» **EXERCISE DETAILS**
Once every line below with "layers" has been counted, state the total and nothing else.
== INPUT DATA ==
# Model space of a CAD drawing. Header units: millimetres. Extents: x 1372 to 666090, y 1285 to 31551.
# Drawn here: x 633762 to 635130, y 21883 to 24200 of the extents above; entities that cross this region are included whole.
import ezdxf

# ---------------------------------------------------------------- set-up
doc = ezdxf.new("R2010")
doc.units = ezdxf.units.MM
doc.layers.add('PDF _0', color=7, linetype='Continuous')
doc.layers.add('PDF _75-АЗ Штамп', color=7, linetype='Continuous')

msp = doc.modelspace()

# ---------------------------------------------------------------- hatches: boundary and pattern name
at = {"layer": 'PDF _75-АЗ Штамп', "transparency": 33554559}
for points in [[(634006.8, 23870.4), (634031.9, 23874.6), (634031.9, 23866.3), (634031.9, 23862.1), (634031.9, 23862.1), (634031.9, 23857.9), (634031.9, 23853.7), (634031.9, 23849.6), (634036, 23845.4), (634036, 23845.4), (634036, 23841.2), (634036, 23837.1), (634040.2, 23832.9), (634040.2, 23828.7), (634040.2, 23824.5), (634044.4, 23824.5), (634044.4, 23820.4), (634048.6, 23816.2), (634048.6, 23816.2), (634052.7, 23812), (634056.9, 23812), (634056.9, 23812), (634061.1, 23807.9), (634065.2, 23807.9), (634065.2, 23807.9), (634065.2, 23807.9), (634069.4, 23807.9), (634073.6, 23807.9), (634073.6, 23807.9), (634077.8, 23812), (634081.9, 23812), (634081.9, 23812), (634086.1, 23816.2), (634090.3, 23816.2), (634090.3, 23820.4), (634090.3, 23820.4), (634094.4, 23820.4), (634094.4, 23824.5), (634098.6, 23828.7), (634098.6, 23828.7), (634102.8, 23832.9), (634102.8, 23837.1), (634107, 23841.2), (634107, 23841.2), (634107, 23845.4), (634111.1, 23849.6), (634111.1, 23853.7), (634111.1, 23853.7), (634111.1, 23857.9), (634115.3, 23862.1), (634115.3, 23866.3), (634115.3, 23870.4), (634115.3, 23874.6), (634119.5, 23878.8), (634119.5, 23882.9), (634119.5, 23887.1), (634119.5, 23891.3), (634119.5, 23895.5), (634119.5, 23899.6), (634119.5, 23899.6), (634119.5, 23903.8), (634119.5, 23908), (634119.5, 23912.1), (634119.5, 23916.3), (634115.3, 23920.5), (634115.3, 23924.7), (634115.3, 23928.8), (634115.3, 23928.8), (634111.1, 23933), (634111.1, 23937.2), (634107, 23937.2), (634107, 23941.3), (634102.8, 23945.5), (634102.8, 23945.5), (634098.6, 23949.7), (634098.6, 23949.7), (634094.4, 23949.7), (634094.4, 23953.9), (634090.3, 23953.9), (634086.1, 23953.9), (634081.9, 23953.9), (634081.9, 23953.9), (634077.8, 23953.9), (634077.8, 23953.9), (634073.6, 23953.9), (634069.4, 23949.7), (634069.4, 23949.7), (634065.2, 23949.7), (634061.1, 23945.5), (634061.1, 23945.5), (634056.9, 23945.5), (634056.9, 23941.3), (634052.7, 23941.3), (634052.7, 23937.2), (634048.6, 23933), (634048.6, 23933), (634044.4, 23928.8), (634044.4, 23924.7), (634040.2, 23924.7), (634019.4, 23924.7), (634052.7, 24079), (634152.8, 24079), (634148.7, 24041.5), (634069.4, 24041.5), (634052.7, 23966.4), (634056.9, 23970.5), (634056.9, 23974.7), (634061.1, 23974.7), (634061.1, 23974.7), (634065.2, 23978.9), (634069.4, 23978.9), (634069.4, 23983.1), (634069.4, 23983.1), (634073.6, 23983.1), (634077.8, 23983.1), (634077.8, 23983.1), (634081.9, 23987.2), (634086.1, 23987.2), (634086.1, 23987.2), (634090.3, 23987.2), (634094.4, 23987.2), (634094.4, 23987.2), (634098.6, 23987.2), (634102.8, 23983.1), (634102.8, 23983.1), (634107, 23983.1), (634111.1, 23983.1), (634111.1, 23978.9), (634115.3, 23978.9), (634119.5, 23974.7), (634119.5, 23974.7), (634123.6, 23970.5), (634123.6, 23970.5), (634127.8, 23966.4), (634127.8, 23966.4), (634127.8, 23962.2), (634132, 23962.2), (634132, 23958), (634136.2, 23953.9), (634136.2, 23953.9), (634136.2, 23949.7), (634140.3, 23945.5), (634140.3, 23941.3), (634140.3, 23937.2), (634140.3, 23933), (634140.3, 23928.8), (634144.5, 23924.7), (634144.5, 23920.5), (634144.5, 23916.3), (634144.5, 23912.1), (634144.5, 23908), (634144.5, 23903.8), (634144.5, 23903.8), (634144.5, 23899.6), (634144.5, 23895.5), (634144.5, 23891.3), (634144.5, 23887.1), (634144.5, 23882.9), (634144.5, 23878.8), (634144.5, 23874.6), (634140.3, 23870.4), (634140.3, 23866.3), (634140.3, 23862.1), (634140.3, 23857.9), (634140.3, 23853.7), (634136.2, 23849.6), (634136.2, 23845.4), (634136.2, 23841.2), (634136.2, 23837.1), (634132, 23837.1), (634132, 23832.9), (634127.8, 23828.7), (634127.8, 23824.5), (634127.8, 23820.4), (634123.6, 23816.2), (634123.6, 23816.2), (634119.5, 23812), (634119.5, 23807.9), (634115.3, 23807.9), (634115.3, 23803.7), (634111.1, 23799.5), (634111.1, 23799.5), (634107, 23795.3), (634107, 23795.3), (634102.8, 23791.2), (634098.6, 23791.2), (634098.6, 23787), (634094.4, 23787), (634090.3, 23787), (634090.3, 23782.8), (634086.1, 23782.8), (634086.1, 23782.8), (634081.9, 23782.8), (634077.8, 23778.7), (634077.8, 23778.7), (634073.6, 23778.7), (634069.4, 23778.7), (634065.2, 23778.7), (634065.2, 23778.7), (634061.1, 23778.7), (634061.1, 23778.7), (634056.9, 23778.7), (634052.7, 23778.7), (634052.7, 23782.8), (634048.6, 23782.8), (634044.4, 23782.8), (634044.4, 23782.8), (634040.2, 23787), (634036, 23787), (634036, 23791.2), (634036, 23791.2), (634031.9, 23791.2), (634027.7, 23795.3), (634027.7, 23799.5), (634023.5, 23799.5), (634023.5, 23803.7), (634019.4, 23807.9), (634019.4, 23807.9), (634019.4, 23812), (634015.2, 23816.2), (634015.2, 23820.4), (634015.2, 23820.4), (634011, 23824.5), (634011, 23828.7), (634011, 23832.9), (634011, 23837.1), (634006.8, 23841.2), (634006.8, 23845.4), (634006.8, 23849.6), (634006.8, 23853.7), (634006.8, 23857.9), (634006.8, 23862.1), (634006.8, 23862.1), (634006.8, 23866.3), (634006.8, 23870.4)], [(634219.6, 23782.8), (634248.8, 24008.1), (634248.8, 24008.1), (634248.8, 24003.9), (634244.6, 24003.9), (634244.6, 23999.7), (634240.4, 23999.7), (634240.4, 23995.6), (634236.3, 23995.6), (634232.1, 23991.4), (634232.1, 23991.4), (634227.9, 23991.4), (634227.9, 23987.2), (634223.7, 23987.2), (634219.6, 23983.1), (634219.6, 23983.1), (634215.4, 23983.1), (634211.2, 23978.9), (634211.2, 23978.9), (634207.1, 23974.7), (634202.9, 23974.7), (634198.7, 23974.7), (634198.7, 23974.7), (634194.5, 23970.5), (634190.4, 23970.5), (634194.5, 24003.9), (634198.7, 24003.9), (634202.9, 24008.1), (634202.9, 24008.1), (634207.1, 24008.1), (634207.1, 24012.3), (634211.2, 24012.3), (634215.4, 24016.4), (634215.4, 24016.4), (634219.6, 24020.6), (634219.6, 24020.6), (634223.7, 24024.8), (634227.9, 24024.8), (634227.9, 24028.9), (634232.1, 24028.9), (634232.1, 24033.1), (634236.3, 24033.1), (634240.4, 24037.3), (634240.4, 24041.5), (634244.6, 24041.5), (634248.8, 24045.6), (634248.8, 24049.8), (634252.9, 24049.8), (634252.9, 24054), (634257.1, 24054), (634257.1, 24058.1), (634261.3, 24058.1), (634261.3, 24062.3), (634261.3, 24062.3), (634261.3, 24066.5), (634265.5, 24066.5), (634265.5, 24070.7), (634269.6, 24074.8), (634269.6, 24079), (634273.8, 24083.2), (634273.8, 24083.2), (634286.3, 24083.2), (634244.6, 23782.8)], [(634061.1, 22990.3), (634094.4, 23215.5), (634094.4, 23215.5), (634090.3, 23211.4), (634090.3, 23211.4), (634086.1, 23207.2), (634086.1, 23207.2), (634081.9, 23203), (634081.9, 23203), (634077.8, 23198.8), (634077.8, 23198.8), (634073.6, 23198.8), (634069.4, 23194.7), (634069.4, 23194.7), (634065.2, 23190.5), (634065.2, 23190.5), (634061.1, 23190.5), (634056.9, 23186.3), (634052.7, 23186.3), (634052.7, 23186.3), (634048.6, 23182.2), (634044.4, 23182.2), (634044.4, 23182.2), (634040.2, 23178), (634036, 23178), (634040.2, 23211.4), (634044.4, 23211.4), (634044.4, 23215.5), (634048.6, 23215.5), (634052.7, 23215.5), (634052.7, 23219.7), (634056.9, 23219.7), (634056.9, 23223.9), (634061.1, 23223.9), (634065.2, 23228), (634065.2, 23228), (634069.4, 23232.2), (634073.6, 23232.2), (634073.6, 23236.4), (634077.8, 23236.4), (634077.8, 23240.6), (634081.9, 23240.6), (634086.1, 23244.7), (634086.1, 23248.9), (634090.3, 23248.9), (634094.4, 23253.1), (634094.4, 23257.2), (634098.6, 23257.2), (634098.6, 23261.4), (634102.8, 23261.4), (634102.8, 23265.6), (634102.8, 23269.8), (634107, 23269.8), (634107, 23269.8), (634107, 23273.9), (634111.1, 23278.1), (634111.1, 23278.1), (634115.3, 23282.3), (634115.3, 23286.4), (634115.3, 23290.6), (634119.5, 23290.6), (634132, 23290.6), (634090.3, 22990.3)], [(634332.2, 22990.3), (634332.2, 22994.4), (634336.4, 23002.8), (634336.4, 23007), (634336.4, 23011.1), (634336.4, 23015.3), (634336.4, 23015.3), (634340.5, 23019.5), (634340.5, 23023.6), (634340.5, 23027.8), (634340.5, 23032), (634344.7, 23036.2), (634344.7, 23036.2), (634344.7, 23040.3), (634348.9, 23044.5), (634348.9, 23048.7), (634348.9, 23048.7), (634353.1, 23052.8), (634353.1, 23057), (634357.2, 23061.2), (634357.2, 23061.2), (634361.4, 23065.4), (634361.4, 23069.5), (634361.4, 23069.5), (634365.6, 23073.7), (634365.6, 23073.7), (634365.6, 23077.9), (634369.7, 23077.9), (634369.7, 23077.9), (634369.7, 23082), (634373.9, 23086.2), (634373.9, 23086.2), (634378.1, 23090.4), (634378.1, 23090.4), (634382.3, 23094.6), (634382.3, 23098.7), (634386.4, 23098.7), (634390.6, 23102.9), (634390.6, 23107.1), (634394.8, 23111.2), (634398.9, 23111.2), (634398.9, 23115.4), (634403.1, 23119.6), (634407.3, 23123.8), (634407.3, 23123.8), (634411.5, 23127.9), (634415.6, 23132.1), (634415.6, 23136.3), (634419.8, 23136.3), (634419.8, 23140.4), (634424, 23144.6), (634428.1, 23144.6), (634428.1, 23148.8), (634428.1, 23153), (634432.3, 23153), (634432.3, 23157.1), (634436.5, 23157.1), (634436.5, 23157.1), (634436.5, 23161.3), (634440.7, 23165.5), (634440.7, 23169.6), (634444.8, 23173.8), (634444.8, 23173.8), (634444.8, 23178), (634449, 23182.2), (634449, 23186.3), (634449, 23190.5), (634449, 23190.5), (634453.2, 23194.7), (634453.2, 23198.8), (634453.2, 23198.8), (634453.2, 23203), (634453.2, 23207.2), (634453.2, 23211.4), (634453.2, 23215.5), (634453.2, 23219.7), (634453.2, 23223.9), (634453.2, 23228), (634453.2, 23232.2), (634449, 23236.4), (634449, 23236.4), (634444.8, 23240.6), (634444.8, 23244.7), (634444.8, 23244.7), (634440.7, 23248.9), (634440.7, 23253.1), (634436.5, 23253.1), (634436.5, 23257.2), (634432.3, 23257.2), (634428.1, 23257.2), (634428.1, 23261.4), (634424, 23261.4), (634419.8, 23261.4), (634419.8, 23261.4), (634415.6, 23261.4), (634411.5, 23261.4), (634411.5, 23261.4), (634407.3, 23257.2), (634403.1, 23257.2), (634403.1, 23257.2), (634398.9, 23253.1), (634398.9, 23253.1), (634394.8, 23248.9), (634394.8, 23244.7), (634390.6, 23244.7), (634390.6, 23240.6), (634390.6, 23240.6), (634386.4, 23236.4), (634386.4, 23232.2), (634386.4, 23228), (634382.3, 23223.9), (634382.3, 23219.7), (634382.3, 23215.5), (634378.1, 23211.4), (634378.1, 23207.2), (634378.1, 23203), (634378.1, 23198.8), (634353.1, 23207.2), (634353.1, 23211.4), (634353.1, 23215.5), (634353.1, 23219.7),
===
» **YOUR SOLUTION**
2